- [EXERCISE DESCRIPTION]
An exact copy of the entries below is required, with all pictures removed.

=== Section Start ===

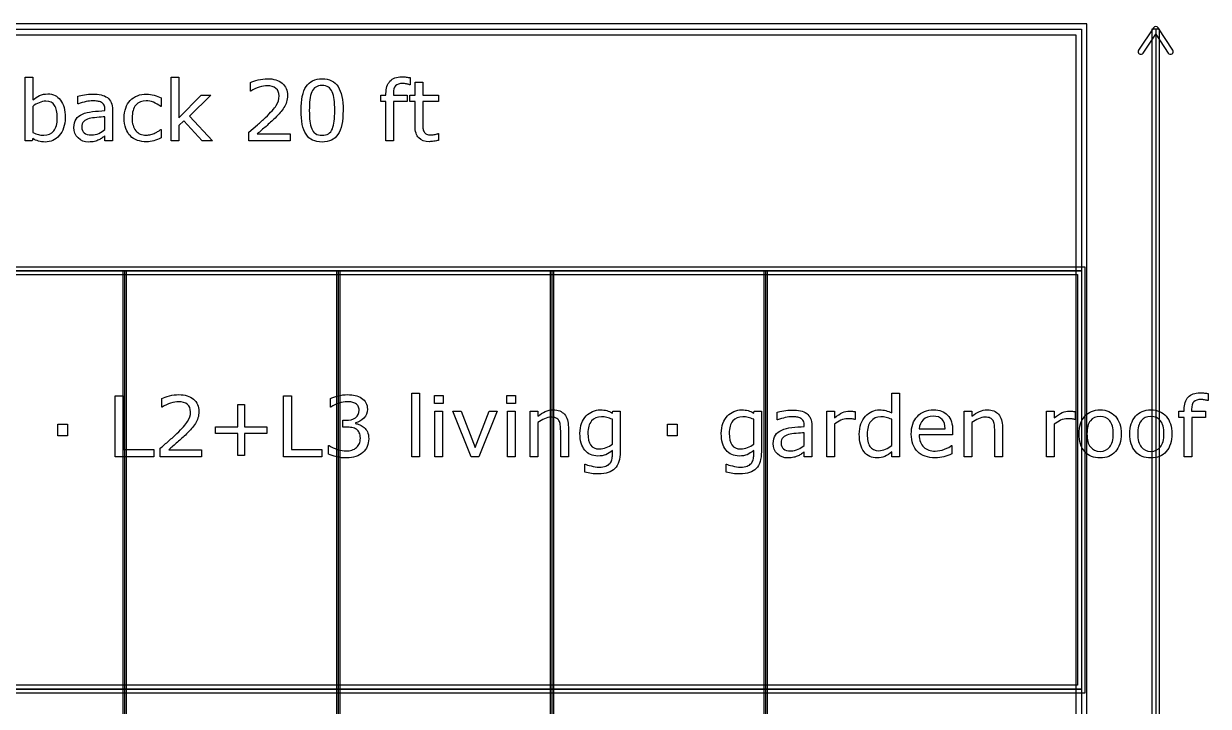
# Model space of a CAD drawing. Extents: x -13 to 750, y 12 to 2314.
# Drawn here: x 154.1 to 281.7, y 507 to 580.5 of the extents above; entities that cross this region are included whole.
import ezdxf

# ---------------------------------------------------------------- set-up
doc = ezdxf.new("R2010")
doc.units = 0
doc.layers.get('0').update_dxf_attribs({"linetype": 'CONTINUOUS'})

msp = doc.modelspace()

# ---------------------------------------------------------------- linework, layer by layer
at = {"color": 7}
for points in [[(43.400391, 580.4896), (43.400391, 128.2904), (268.59961, 128.2904), (268.59961, 580.4896)], [(44, 579.89), (268, 579.89), (268, 553.89), (44, 553.89)], [(44.599609, 579.2904), (267.40039, 579.2904), (267.40039, 129.4896), (44.599609, 129.4896)], [(275.59961, 579.89), (275.59961, 128.89), (276.40039, 128.89), (276.40039, 579.89)], [(275.75, 580.056), (275.75, 580.056)], [(174.45483, 567.8901), (173.36499, 567.8901), (171.39624, 570.039), (170.86011, 569.5293), (170.86011, 567.89), (170.03394, 567.89), (170.03394, 574.7279), (170.86011, 574.7279), (170.86011, 570.3421), (173.24634, 572.7987), (174.28784, 572.7987), (172.00708, 570.5311)], [(158.61697, 570.3818), (158.61697, 570.3818)], [(188.52612, 571.164), (188.52612, 571.164)], [(187.37035, 569.1689), (187.37035, 569.1689)], [(43.599609, 554.2904), (43.599609, 508.4896), (268.40039, 508.4896), (268.40039, 554.2904)], [(44, 553.89), (268, 553.89), (268, 508.89), (44, 508.89)], [(44.400391, 553.4896), (267.59961, 553.4896), (267.59961, 509.2904), (44.400391, 509.2904)], [(164.80078, 553.89), (164.80078, 295.89), (165.19922, 295.89), (165.19922, 553.89)], [(187.80078, 553.89), (187.80078, 295.89), (188.19922, 295.89), (188.19922, 553.89)], [(210.80078, 553.89), (210.80078, 295.89), (211.19922, 295.89), (211.19922, 553.89)], [(233.80078, 553.89), (233.80078, 295.89), (234.19922, 295.89), (234.19922, 553.89)], [(196.77026, 533.8901), (195.94409, 533.8901), (195.94409, 540.728), (196.77026, 540.728)], [(168.14868, 533.8901), (164.00903, 533.8901), (164.00903, 540.4336), (164.87915, 540.4336), (164.87915, 534.6635), (168.14868, 534.6635)], [(180.30396, 536.4038), (177.90894, 536.4038), (177.90894, 534.0088), (177.17944, 534.0088), (177.17944, 536.4038), (174.78442, 536.4038), (174.78442, 537.1069), (177.17944, 537.1069), (177.17944, 539.5019), (177.90894, 539.5019), (177.90894, 537.1069), (180.30396, 537.1069)], [(186.24536, 533.8901), (182.10571, 533.8901), (182.10571, 540.4336), (182.97583, 540.4336), (182.97583, 534.6635), (186.24536, 534.6635)], [(199.29272, 539.6206), (198.36108, 539.6206), (198.36108, 540.4775), (199.29272, 540.4775)], [(207.08865, 539.6206), (206.15701, 539.6206), (206.15701, 540.4775), (207.08865, 540.4775)], [(199.24002, 533.8901), (198.41385, 533.8901), (198.41385, 538.7988), (199.24002, 538.7988)], [(205.1199, 538.7988), (203.13357, 533.8901), (202.30301, 533.8901), (200.32986, 538.7988), (201.22635, 538.7988), (202.74686, 534.8921), (204.25418, 538.7988)], [(207.03595, 533.8901), (206.20978, 533.8901), (206.20978, 538.7988), (207.03595, 538.7988)], [(158.85425, 536.1357), (157.80396, 536.1357), (157.80396, 537.3794), (158.85425, 537.3794)], [(224.48663, 536.1357), (223.43634, 536.1357), (223.43634, 537.3794), (224.48663, 537.3794)], [(271.42896, 536.3421), (271.42896, 536.3421)], [(272.28149, 536.3421), (272.28149, 536.3421)], [(276.89136, 536.3421), (276.89136, 536.3421)], [(277.7439, 536.3421), (277.7439, 536.3421)], [(217.5213, 535.2393), (217.5213, 535.2393)], [(232.73077, 535.2393), (232.73077, 535.2393)], [(44, 508.89), (268, 508.89), (268, 482.89), (44, 482.89)]]:
    msp.add_lwpolyline(points, close=True, dxfattribs=at)
for points in [[(275.75, 580.056), (274.15039, 577.6556)], [(274.65041, 577.3236), (276, 579.349), (277.34961, 577.3236)], [(276, 579.89), (276, 128.89)], [(277.84962, 577.6556), (276.25, 580.056)], [(155.12329, 568.1186), (155.07059, 567.8901), (154.29715, 567.8901), (154.29715, 574.728), (155.12332, 574.728), (155.12332, 572.2846)], [(178.59009, 573.2382), (178.54619, 573.2382), (178.54619, 574.1611)], [(195.73755, 573.9282), (195.69365, 573.9282)], [(196.27808, 569.4937), (196.27808, 572.1041), (195.71997, 572.1041), (195.71997, 572.7984), (196.27808, 572.7984), (196.27808, 574.209), (197.10425, 574.209), (197.10425, 572.7984), (198.80933, 572.7984), (198.80933, 572.1041), (197.10425, 572.1041), (197.10425, 569.8672)], [(195.7376, 574.6838), (195.73755, 573.9282)], [(160.02759, 571.854), (159.98369, 571.854), (159.98369, 572.6933)], [(193.94024, 572.9658), (193.94024, 572.7988), (195.42998, 572.7988), (195.42998, 572.1045), (193.9666, 572.1045), (193.9666, 567.89), (193.14043, 567.89), (193.14043, 572.1044), (192.58233, 572.1044), (192.58233, 572.7987), (193.14043, 572.7987), (193.14043, 572.9613)], [(155.12329, 571.5903), (155.12329, 568.7778)], [(168.9397, 572.5044), (168.9397, 571.5859), (168.8958, 571.5859)], [(157.7644, 570.3594), (157.7644, 570.3598)], [(162.89722, 571.1336), (162.89722, 571.261)], [(162.89722, 569.0986), (162.89722, 570.4653)], [(163.71904, 571.2209), (163.71899, 567.8901)], [(162.89722, 569.0985), (162.89722, 569.0986)], [(168.8958, 569.1074), (168.9397, 569.1074), (168.9397, 568.1977)], [(182.81323, 567.8901), (178.38354, 567.8901), (178.38354, 568.8086), (179.3064, 569.5996)], [(163.71899, 567.8901), (162.89722, 567.8901), (162.89722, 568.413)], [(179.29324, 568.6416), (182.81326, 568.6416), (182.81323, 567.8901)], [(198.7654, 568.6763), (198.8093, 568.6763), (198.80933, 567.934)], [(165, 553.89), (165, 295.89)], [(188, 553.89), (188, 295.89)], [(211, 553.89), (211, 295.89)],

=== Section End ===

- [RESULT OF THIS TASK]
# Model space of a CAD drawing. Extents: x -13 to 750, y 12 to 2314.
# Drawn here: x 154.1 to 281.7, y 507 to 580.5 of the extents above; entities that cross this region are included whole.
import ezdxf

# ---------------------------------------------------------------- set-up
doc = ezdxf.new("R2010")
doc.units = 0
doc.layers.get('0').update_dxf_attribs({"linetype": 'CONTINUOUS'})

msp = doc.modelspace()

# ---------------------------------------------------------------- linework, layer by layer
at = {"color": 7}
for points in [[(43.400391, 580.4896), (43.400391, 128.2904), (268.59961, 128.2904), (268.59961, 580.4896)], [(44, 579.89), (268, 579.89), (268, 553.89), (44, 553.89)], [(44.599609, 579.2904), (267.40039, 579.2904), (267.40039, 129.4896), (44.599609, 129.4896)], [(275.59961, 579.89), (275.59961, 128.89), (276.40039, 128.89), (276.40039, 579.89)], [(275.75, 580.056), (275.75, 580.056)], [(174.45483, 567.8901), (173.36499, 567.8901), (171.39624, 570.039), (170.86011, 569.5293), (170.86011, 567.89), (170.03394, 567.89), (170.03394, 574.7279), (170.86011, 574.7279), (170.86011, 570.3421), (173.24634, 572.7987), (174.28784, 572.7987), (172.00708, 570.5311)], [(158.61697, 570.3818), (158.61697, 570.3818)], [(188.52612, 571.164), (188.52612, 571.164)], [(187.37035, 569.1689), (187.37035, 569.1689)], [(43.599609, 554.2904), (43.599609, 508.4896), (268.40039, 508.4896), (268.40039, 554.2904)], [(44, 553.89), (268, 553.89), (268, 508.89), (44, 508.89)], [(44.400391, 553.4896), (267.59961, 553.4896), (267.59961, 509.2904), (44.400391, 509.2904)], [(164.80078, 553.89), (164.80078, 295.89), (165.19922, 295.89), (165.19922, 553.89)], [(187.80078, 553.89), (187.80078, 295.89), (188.19922, 295.89), (188.19922, 553.89)], [(210.80078, 553.89), (210.80078, 295.89), (211.19922, 295.89), (211.19922, 553.89)], [(233.80078, 553.89), (233.80078, 295.89), (234.19922, 295.89), (234.19922, 553.89)], [(196.77026, 533.8901), (195.94409, 533.8901), (195.94409, 540.728), (196.77026, 540.728)], [(168.14868, 533.8901), (164.00903, 533.8901), (164.00903, 540.4336), (164.87915, 540.4336), (164.87915, 534.6635), (168.14868, 534.6635)], [(180.30396, 536.4038), (177.90894, 536.4038), (177.90894, 534.0088), (177.17944, 534.0088), (177.17944, 536.4038), (174.78442, 536.4038), (174.78442, 537.1069), (177.17944, 537.1069), (177.17944, 539.5019), (177.90894, 539.5019), (177.90894, 537.1069), (180.30396, 537.1069)], [(186.24536, 533.8901), (182.10571, 533.8901), (182.10571, 540.4336), (182.97583, 540.4336), (182.97583, 534.6635), (186.24536, 534.6635)], [(199.29272, 539.6206), (198.36108, 539.6206), (198.36108, 540.4775), (199.29272, 540.4775)], [(207.08865, 539.6206), (206.15701, 539.6206), (206.15701, 540.4775), (207.08865, 540.4775)], [(199.24002, 533.8901), (198.41385, 533.8901), (198.41385, 538.7988), (199.24002, 538.7988)], [(205.1199, 538.7988), (203.13357, 533.8901), (202.30301, 533.8901), (200.32986, 538.7988), (201.22635, 538.7988), (202.74686, 534.8921), (204.25418, 538.7988)], [(207.03595, 533.8901), (206.20978, 533.8901), (206.20978, 538.7988), (207.03595, 538.7988)], [(158.85425, 536.1357), (157.80396, 536.1357), (157.80396, 537.3794), (158.85425, 537.3794)], [(224.48663, 536.1357), (223.43634, 536.1357), (223.43634, 537.3794), (224.48663, 537.3794)], [(271.42896, 536.3421), (271.42896, 536.3421)], [(272.28149, 536.3421), (272.28149, 536.3421)], [(276.89136, 536.3421), (276.89136, 536.3421)], [(277.7439, 536.3421), (277.7439, 536.3421)], [(217.5213, 535.2393), (217.5213, 535.2393)], [(232.73077, 535.2393), (232.73077, 535.2393)], [(44, 508.89), (268, 508.89), (268, 482.89), (44, 482.89)]]:
    msp.add_lwpolyline(points, close=True, dxfattribs=at)
for points in [[(275.75, 580.056), (274.15039, 577.6556)], [(274.65041, 577.3236), (276, 579.349), (277.34961, 577.3236)], [(276, 579.89), (276, 128.89)], [(277.84962, 577.6556), (276.25, 580.056)], [(155.12329, 568.1186), (155.07059, 567.8901), (154.29715, 567.8901), (154.29715, 574.728), (155.12332, 574.728), (155.12332, 572.2846)], [(178.59009, 573.2382), (178.54619, 573.2382), (178.54619, 574.1611)], [(195.73755, 573.9282), (195.69365, 573.9282)], [(196.27808, 569.4937), (196.27808, 572.1041), (195.71997, 572.1041), (195.71997, 572.7984), (196.27808, 572.7984), (196.27808, 574.209), (197.10425, 574.209), (197.10425, 572.7984), (198.80933, 572.7984), (198.80933, 572.1041), (197.10425, 572.1041), (197.10425, 569.8672)], [(195.7376, 574.6838), (195.73755, 573.9282)], [(160.02759, 571.854), (159.98369, 571.854), (159.98369, 572.6933)], [(193.94024, 572.9658), (193.94024, 572.7988), (195.42998, 572.7988), (195.42998, 572.1045), (193.9666, 572.1045), (193.9666, 567.89), (193.14043, 567.89), (193.14043, 572.1044), (192.58233, 572.1044), (192.58233, 572.7987), (193.14043, 572.7987), (193.14043, 572.9613)], [(155.12329, 571.5903), (155.12329, 568.7778)], [(168.9397, 572.5044), (168.9397, 571.5859), (168.8958, 571.5859)], [(157.7644, 570.3594), (157.7644, 570.3598)], [(162.89722, 571.1336), (162.89722, 571.261)], [(162.89722, 569.0986), (162.89722, 570.4653)], [(163.71904, 571.2209), (163.71899, 567.8901)], [(162.89722, 569.0985), (162.89722, 569.0986)], [(168.8958, 569.1074), (168.9397, 569.1074), (168.9397, 568.1977)], [(182.81323, 567.8901), (178.38354, 567.8901), (178.38354, 568.8086), (179.3064, 569.5996)], [(163.71899, 567.8901), (162.89722, 567.8901), (162.89722, 568.413)], [(179.29324, 568.6416), (182.81326, 568.6416), (182.81323, 567.8901)], [(198.7654, 568.6763), (198.8093, 568.6763), (198.80933, 567.934)], [(165, 553.89), (165, 295.89)], [(188, 553.89), (188, 295.89)], [(211, 553.89), (211, 295.89)],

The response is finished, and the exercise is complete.